I wish I was surprised.
Once, I thought America’s justice system fulfilled its duty. I waited for Officer Darren Wilson’s indictment after killing Michael Brown, younger than I am now, under murky circumstances. I felt sure Daniel Pantaleo would face both charges and conviction for choking Eric Garner to death, ignoring the man’s cries of “I can’t breathe.”
Yet in both cases, grand juries declined to indict the officers. The dead men, it seemed, had been too scary — as if their skin and size held them accountable for their demises.
So, in retrospect, I showed too much faith when police violence against black men came to my city. When Officer Timothy Loehmann killed Tamir Rice, a black 12-year-old with a toy gun outside Cleveland’s Cudell Recreation Center, I felt a surge of hope. I had faith in Cleveland, in our government and prosecutors, in the city that raised me and the residents who smile so freely on the sidewalk.
I was wrong. Today, more than 13 months after Tamir died Nov. 22, 2014, county prosecutor Timothy J. McGinty announced the officers responsible will face no charges. Neither Loehmann nor his partner, Officer Frank Garmback, who drove the car, will face jail time or even a trial for killing a child.
I am not surprised, but I am dismayed.
I am a young, middle-class white woman. My skin’s hue is remarkably close to printer paper. I stand at an imposing 5-foot-2. I wear clean, modest clothing, mainly sweaters and jeans. No one has ever presumed me guilty of napping in synagogue, let alone of committing a crime.
It’s taken 19 years for me to understand I am lucky in that respect. Growing up, I thought the presumption of innocence applied to all citizens, not just myself. Indeed, that presumption stands true for many Americans — white people; the elderly; women, sometimes; and police officers. But Michael Brown’s, Eric Garner’s and now Tamir Rice’s deaths prove black men do not fall under that category.
Tamir Rice is not dead because he removed the orange safety tab from his toy gun. He is not even dead because a police officer pulled a trigger. He is dead because he was a 5-foot-7 black boy, and our nation’s justice system fails people with dark skin.
The blame does not all fall on Timothy Loehmann. The Cleveland Police Department hired Loehmann despite his record in Independence, where his emotional instability and “dismal” handgun performance forced him to resign before getting fired in 2012. After receiving a concerned call about a juvenile playing with a toy gun Nov. 22, police dispatcher Beth Mandl inaccurately reported a man threatening people with a real weapon. Garmback drove the police car next to Tamir in the park. He and Loehmann grew up in a culture that makes black men suspect because of their skin.
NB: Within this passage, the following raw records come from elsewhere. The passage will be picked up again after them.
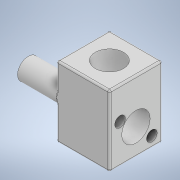
# Autodesk Inventor part: cantoneira
Saved by Autodesk Inventor 2022 (Build 260153000, 153)
## iProperties
Created: 2022-02-16
Part Number: cantoneira
Material: Genérico
Document SubType Name: Modeling
Designer: mathe
Density: 1 g/cm^3
Appearance: Padrão
Author: mathe
Autodesk Inventor part; units mm, degrees
ref_plane "YZ Plane" through (0, 0, 0) normal (1, 0, 0) x (0, 1, 0)
ref_plane "XZ Plane" through (0, 0, 0) normal (0, 1, 0) x (-1, 0, 0)
ref_plane "XY Plane" through (0, 0, 0) normal (0, 0, 1) x (1, 0, 0)
sketch "Esboço1" plane through (0, 0, 0) normal (0, 1, 0) x (-1, 0, 0)
  line L0 (0, 0) -> (15, 0)
  line L1 (15, 0) -> (15, -15)
  line L2 (15, -15) -> (0, -15)
  line L3 (0, -15) -> (0, 0)
  dimension "d0" = 15
  dimension "d1" = 15
  constraints: 8 end point, 2 parallel, 1 horizontal, 1 perpendicular
  measures "d0" distance of L1.end L2.end
  measures "d1" distance of L0.end L1.end
extrude "Extrusão1" add sketch "Esboço1" along normal blind 20
sketch "Esboço2" plane through (0, 0, 0) normal (1, 0, 0) x (0, 0, -1)
  point P0 (0, 0)
  point P1 (7.5, 7.5)
hole "Furo1" at (0, 7.5, -7.5) direction (-1, 0, 0) diameter 8 depth 12
sketch "Esboço4" plane through (0, 20, 0) normal (0, 1, 0) x (1, 0, 0)
  point P0 (0, 0)
  point P1 (-7.5, 7.5)
hole "Furo2" at (-7.5, 20, -7.5) direction (0, -1, 0) diameter 8 depth 7.5
sketch "Esboço5" plane through (0, 0, 0) normal (1, 0, 0) x (0, 0, -1)
  circle A0 centre (3, 11) radius 1.5
  circle A1 centre (12, 3) radius 1.5
  point P0 (0, 0)
  dimension "d19" = 3
  dimension "d20" = 3
  constraints: 2 centre point, 2 coincident
  measures "d19" diameter of A0
  measures "d20" diameter of A1
extrude "Extrusão2" cut sketch "Esboço5" against normal through all
sketch "Esboço6" plane through (-15, 0, -15) normal (-1, 0, 0) x (0, 0, 1)
  circle A0 centre (3, 3) radius 1.5 projected
  circle A1 centre (3, 3) radius 3
  circle A2 centre (12, 11) radius 1.5 projected
  circle A3 centre (12, 11) radius 3
  point P0 (15, 0)
  dimension "d23" = 6
  dimension "d24" = 6
  constraints: 2 centre point, 2 coincident
  measures "d23" diameter of A1
  measures "d24" diameter of A3
extrude "Extrusão3" add sketch "Esboço6" along normal blind 11
fillet "Arredondamento2" radius 0.5 15 edges at (-15, 11.5, -15) (-15, 1.5, -15) (-15, 0, -13.5) (-15, 0, -6) (-7.5, 0, -15) (-7.5, 0, 0) (-15, 5.5, 0) (-15, 15.5, 0) (-7.5, 20, 0) (-15, 20, -7.5) (-7.5, 20, -15) (0, 20, -7.5) (0, 10, -15) (0, 0, -7.5) (0, 10, 0)

But Loehmann pulled the trigger, as thousands of people saw in the video of Tamir’s death. In that footage, the events that unfolded were clear. Garmback and Loehmann pulled up next to Tamir, straight onto the grass, stopping abruptly. Tamir stood, wary but curious as children so often are, and approached the vehicle. Loehmann all but leapt out of the car, shooting Tamir less than two seconds after the car had stopped. There was no time for the officers to issue a warning; there was no time for Tamir to respond to one. Tamir’s body crumpled, and Loehmann and Garmback did nothing to attend to the boy dying on the ground next to them.
I admit the video does not show clearly whether, after the police car pulled up, Tamir tried to pull his toy gun out of his pocket. Experts hired by the prosecution and Tamir Rice’s family have filed conflicting reports. However, the mere fact experts disagree based on the footage shows the grand jury should have indicted Loehmann and Garmback. The officers are not innocent beyond doubt. The case should have continued to a trial, where a jury could have assessed their actions’ validity in proper depth.
Perhaps even a trial would have failed Tamir Rice. But charging the officers would have given Tamir’s death the consideration it deserves — and, just as importantly, would have shown care for Tamir’s life. Tamir Rice is not just a corpse. Once, he breathed. He began June 25, 2002, tiny and wrinkled. He grew tall, with a goofy grin, during his 12 years. He would have grown taller. He loved his mother and siblings; he borrowed a toy from his friend. He liked art and basketball.
Like you, like me, he lived.
By refusing to indict Loehmann and Garmback, the grand jury has decided not to acknowledge Tamir’s personhood. They have decided Tamir Rice’s life did not matter. They have decided he is only a death, a footnote on two officers’ resumes.
I wish I was surprised.
I wish my faith in Cleveland’s justice system had lasted longer than a few months.
But even I, a middle-class white woman, caught on. For all the reasons I love Cleveland — the Rock and Roll Hall of Fame, our abysmal sports teams, my neighbors’ friendliness — we remain an American city, with the endemic prejudice that entails. From the moment he emerged into this country, Tamir Rice did not stand a chance.